Daniel arap Moi, décédé mardi à l’âge de 95 ans, avait promis « paix, amour et unité » à son peuple. Mais le deuxième président du Kenya indépendant, pourfendeur du multipartisme, restera surtout comme un redoutable politicien, maître de l’instrumentalisation des rivalités ethniques.
Quand Moi quitte le pouvoir en 2002, après 24 ans de règne, il est crédité d’avoir su maintenir le Kenya au petit nombre des Etats d’Afrique de l’Est en paix. Génocide au Rwanda, guerres civile au Burundi, chaos en Somalie… la décennie qui vient de s’écouler a infligé son lot de conflits à la région.
Mais ses mandats restent également synonymes de musellement de la dissidence, détentions arbitraires, torture, corruption.
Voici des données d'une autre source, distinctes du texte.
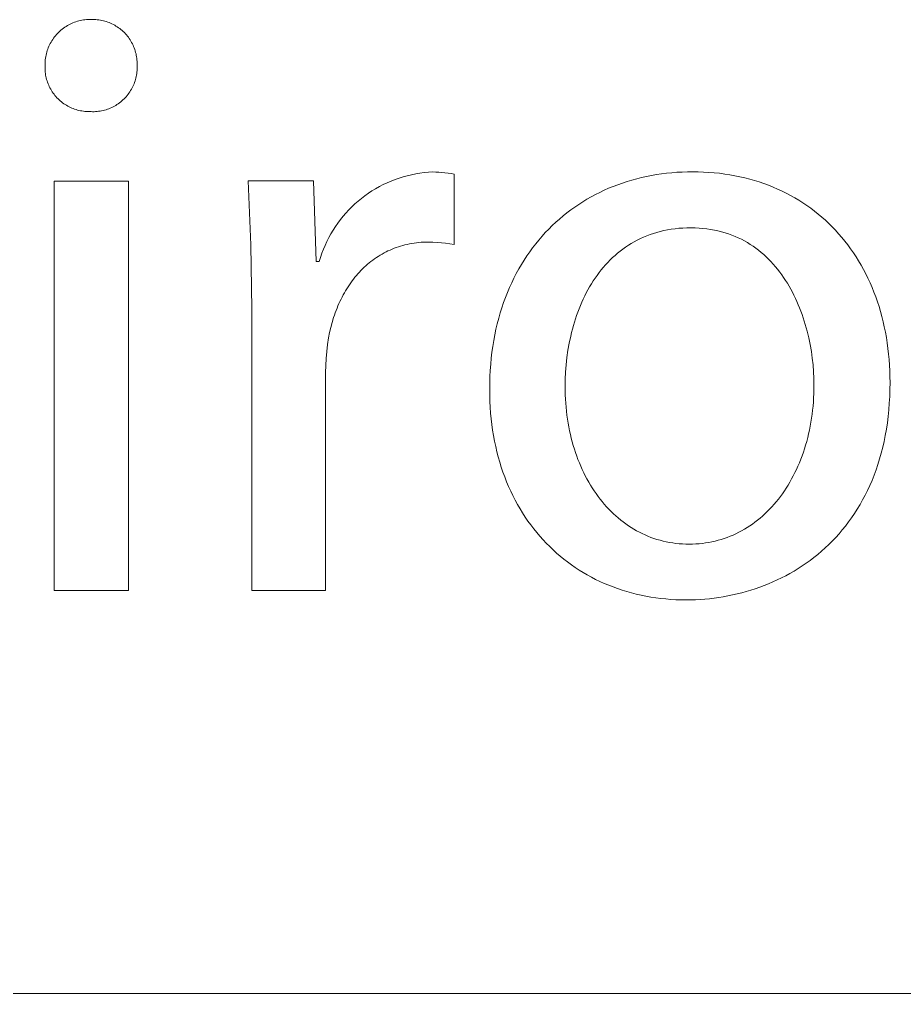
# Model space of a CAD drawing. Header units: millimetres. Extents: x -1421 to 3505, y -683 to 2759.
# Drawn here: x 2520.3 to 2571.9, y -682.8 to -626 of the extents above; entities that cross this region are included whole.
import ezdxf

# ---------------------------------------------------------------- set-up
doc = ezdxf.new("R2010")
doc.units = ezdxf.units.MM
doc.header["$MEASUREMENT"] = 0
doc.layers.add('Domyślny', color=7, linetype='Continuous', true_color=0x000000)

msp = doc.modelspace()

# ---------------------------------------------------------------- linework, layer by layer
at = {"layer": 'Domyślny', "color": 18, "lineweight": 15, "true_color": 0x000000}
for p, q in [((2523.87, -626.072), (2523.959, -626.054)), ((2523.959, -626.054), (2524.049, -626.039)), ((2524.049, -626.039), (2524.139, -626.027)), ((2524.139, -626.027), (2524.229, -626.018)), ((2524.229, -626.018), (2524.32, -626.013)), ((2524.32, -626.013), (2524.411, -626.01)), ((2524.411, -626.01), (2524.502, -626.011)), ((2524.502, -626.011), (2524.591, -626.009)), ((2524.591, -626.009), (2524.68, -626.011)), ((2524.68, -626.011), (2524.769, -626.015)), ((2524.769, -626.015), (2524.858, -626.023)), ((2524.858, -626.023), (2524.946, -626.033)), ((2524.946, -626.033), (2525.034, -626.047)), ((2525.034, -626.047), (2525.122, -626.064)), ((2525.122, -626.064), (2525.208, -626.083)), ((2522.672, -626.691), (2522.741, -626.631)), ((2522.741, -626.631), (2522.811, -626.573)), ((2522.811, -626.573), (2522.883, -626.518)), ((2522.883, -626.518), (2522.958, -626.466)), ((2522.958, -626.466), (2523.033, -626.416)), ((2523.033, -626.416), (2523.111, -626.369)), ((2523.111, -626.369), (2523.19, -626.324)), ((2523.19, -626.324), (2523.271, -626.283)), ((2523.271, -626.283), (2523.353, -626.244)), ((2523.353, -626.244), (2523.437, -626.208)), ((2523.437, -626.208), (2523.521, -626.175)), ((2523.521, -626.175), (2523.607, -626.144)), ((2523.607, -626.144), (2523.694, -626.117)), ((2523.694, -626.117), (2523.781, -626.093)), ((2523.781, -626.093), (2523.87, -626.072)), ((2525.208, -626.083), (2525.295, -626.106)), ((2525.295, -626.106), (2525.38, -626.132)), ((2525.38, -626.132), (2525.464, -626.16)), ((2525.464, -626.16), (2525.548, -626.192)), ((2525.548, -626.192), (2525.63, -626.226)), ((2525.63, -626.226), (2525.711, -626.263)), ((2525.711, -626.263), (2525.791, -626.303)), ((2525.791, -626.303), (2525.869, -626.345)), ((2525.869, -626.345), (2525.945, -626.391)), ((2525.945, -626.391), (2526.021, -626.439)), ((2526.021, -626.439), (2526.094, -626.489)), ((2526.094, -626.489), (2526.166, -626.542)), ((2526.166, -626.542), (2526.235, -626.597)), ((2526.235, -626.597), (2526.303, -626.655)), ((2522.208, -627.247), (2522.257, -627.171)), ((2522.257, -627.171), (2522.309, -627.096)), ((2522.309, -627.096), (2522.363, -627.024)), ((2522.363, -627.024), (2522.421, -626.953)), ((2522.421, -626.953), (2522.48, -626.884)), ((2522.48, -626.884), (2522.542, -626.817)), ((2522.542, -626.817), (2522.606, -626.753)), ((2522.606, -626.753), (2522.672, -626.691)), ((2526.303, -626.655), (2526.369, -626.715)), ((2526.369, -626.715), (2526.433, -626.777)), ((2526.433, -626.777), (2526.494, -626.842)), ((2526.494, -626.842), (2526.554, -626.908)), ((2526.554, -626.908), (2526.61, -626.977)), ((2526.61, -626.977), (2526.665, -627.047)), ((2526.665, -627.047), (2526.717, -627.12)), ((2526.717, -627.12), (2526.767, -627.194)), ((2526.767, -627.194), (2526.814, -627.269)), ((2521.939, -627.822), (2521.969, -627.736)), ((2521.969, -627.736), (2522.002, -627.652)), ((2522.002, -627.652), (2522.037, -627.568)), ((2522.037, -627.568), (2522.076, -627.486)), ((2522.076, -627.486), (2522.117, -627.405)), ((2522.117, -627.405), (2522.161, -627.325)), ((2522.161, -627.325), (2522.208, -627.247)), ((2526.814, -627.269), (2526.858, -627.347)), ((2526.858, -627.347), (2526.899, -627.425)), ((2526.899, -627.425), (2526.938, -627.506)), ((2526.938, -627.506), (2526.974, -627.587)), ((2526.974, -627.587), (2527.008, -627.67)), ((2527.008, -627.67), (2527.038, -627.753)), ((2527.038, -627.753), (2527.066, -627.838)), ((2521.825, -628.355), (2521.837, -628.264)), ((2521.837, -628.264), (2521.851, -628.175)), ((2521.851, -628.175), (2521.869, -628.086)), ((2521.869, -628.086), (2521.889, -627.997)), ((2521.889, -627.997), (2521.913, -627.909)), ((2521.913, -627.909), (2521.939, -627.822)), ((2527.066, -627.838), (2527.09, -627.924)), ((2527.09, -627.924), (2527.112, -628.01)), ((2527.112, -628.01), (2527.13, -628.097)), ((2527.13, -628.097), (2527.146, -628.185)), ((2527.146, -628.185), (2527.158, -628.273)), ((2527.158, -628.273), (2527.168, -628.362)), ((2521.81, -628.627), (2521.812, -628.536)), ((2521.812, -628.718), (2521.81, -628.627)), ((2521.81, -628.806), (2521.812, -628.718)), ((2521.811, -628.894), (2521.81, -628.806)), ((2521.815, -628.983), (2521.811, -628.894)), ((2521.812, -628.536), (2521.817, -628.445)), ((2521.817, -628.445), (2521.825, -628.355)), ((2527.168, -628.362), (2527.174, -628.451)), ((2527.176, -628.895), (2527.171, -628.983)), ((2527.174, -628.451), (2527.178, -628.54)), ((2527.178, -628.629), (2527.175, -628.718)), ((2527.175, -628.718), (2527.177, -628.806)), ((2527.177, -628.806), (2527.176, -628.895)), ((2527.178, -628.54), (2527.178, -628.629)), ((2521.823, -629.071), (2521.815, -628.983)), ((2521.833, -629.158), (2521.823, -629.071)), ((2521.846, -629.246), (2521.833, -629.158)), ((2521.863, -629.332), (2521.846, -629.246)), ((2521.882, -629.419), (2521.863, -629.332)), ((2521.905, -629.504), (2521.882, -629.419)), ((2527.104, -629.42), (2527.082, -629.505)), ((2527.124, -629.333), (2527.104, -629.42)), ((2527.14, -629.246), (2527.124, -629.333)), ((2527.154, -629.159), (2527.14, -629.246)), ((2527.164, -629.071), (2527.154, -629.159)), ((2527.171, -628.983), (2527.164, -629.071)), ((2521.93, -629.589), (2521.905, -629.504)), ((2521.958, -629.672), (2521.93, -629.589)), ((2521.989, -629.755), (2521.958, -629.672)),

Comme personne avant lui, il est également accusé d’avoir attisé les différends ethniques dans son pays à des fins politiques.
Né le 2 septembre 1924 dans une famille pauvre du district de Baringo, à quelque 300 km au nord de Nairobi, Daniel arap Moi est membre des Tugen, sous-groupe d’un groupe ethnique à l’identité alors peu affirmée, disent des analystes, mais dont il se fera le représentant naturel et qui finira par devenir l’une des plus soudée électoralement: les Kalenjin.
Après une éducation chrétienne, Moi devient instituteur avant d’entrer en politique en 1955. Il rejoint le Conseil législatif mis en place par le colonisateur britannique et participe aux pourparlers sur l’indépendance, proclamée en 1963.
Dans le gouvernement du père de l’indépendance, Jomo Kenyatta, Moi occupe plusieurs portefeuilles avant d’être nommé vice-président en 1967. Jusqu’à la mort de Kenyatta en 1978, il reste dans son ombre, mais parvient à écarter ses adversaires pour la succession.
Débute alors un long règne, vite marqué par le durcissement d’une répression que maniait déjà Kenyatta: un système de parti unique est instauré en 1982, juste avant un coup d’Etat manqué. Les défenseurs des droits de l’Homme dénoncent détentions sans procès et cas de torture par centaines.
« Pour la première fois, des citoyens ordinaires se sont retrouvés la cible de la répression d’Etat, la torture, l’emprisonnement sont devenus un élément de la relation entre le pouvoir et ses sujets », décrit le chercheur Daniel Branch dans un livre sur le Kenya post-colonial.
Dans le collimateur du régime aussi: les élites culturelles, des militants des droits de l’Homme, des défenseurs de l’Environnement, comme l’écrivain Ngugi wa Thiong’o ou la future prix Nobel de la Paix Wangari Maathai. Des manifestations sont étouffées dans les universités.
Les Kenyans subissent aussi le chômage et l’inflation, dans une économie gangrenée par la corruption: Moi parti du pouvoir, son régime sera accusé de détournements de fonds massifs, via un système de fausses exportations – l’affaire « Goldenberg » pour laquelle il ne sera jamais vraiment inquiété.
Au début des années 90, contraint de céder à la pression du clergé et de l’opposition, Moi rétablit le multipartisme, qui, prédit-il, amènera le chaos.
Ses détracteurs l’accusent d’avoir alors instrumentalisé des rancœurs ethniques alimentées depuis des années par la mainmise de l’ethnie kikuyu de Kenyatta sur le pouvoir, l’économie et les terres. Domination qu’il a rééquilibrée au profit des Kalenjin.
Moi « a instauré une utilisation de la violence ethnique ciblée comme outil de gestion politique, » explique John Githongo, militant anti-corruption kényan.
Moi, contraint par la Constitution, quitte le pouvoir en 2002. Une fois parti, l’ex-autocrate, qui selon Ngugi wa Thiong’o avait fini par incarner cette phrase attribuée à Louis XIV « L’Etat, c’est Moi », demandera « pardon » pour les fautes commises sous son régime.
Celui dont une multitude d’écoles au Kenya portent encore le nom, sera alors mandaté par son pays comme émissaire pour la paix dans la Corne de l’Afrique et les Grands Lacs.
Il sera consulté pour ramener l’ordre dans son pays lors des émeutes post-électorales de fin 2007 et début 2008, mais s’opposera jusqu’au bout à une nouvelle Constitution qui introduit notamment une meilleure répartition des richesses via la décentralisation.
Aisément reconnaissable à sa haute stature et ses yeux bleus, l’ex-président fut reconnu coupable en mai 2019 d’accaparement illégal de terres en 1983.
Divorcé, jamais remarié, Moi a eu huit enfants, dont une fille adoptive.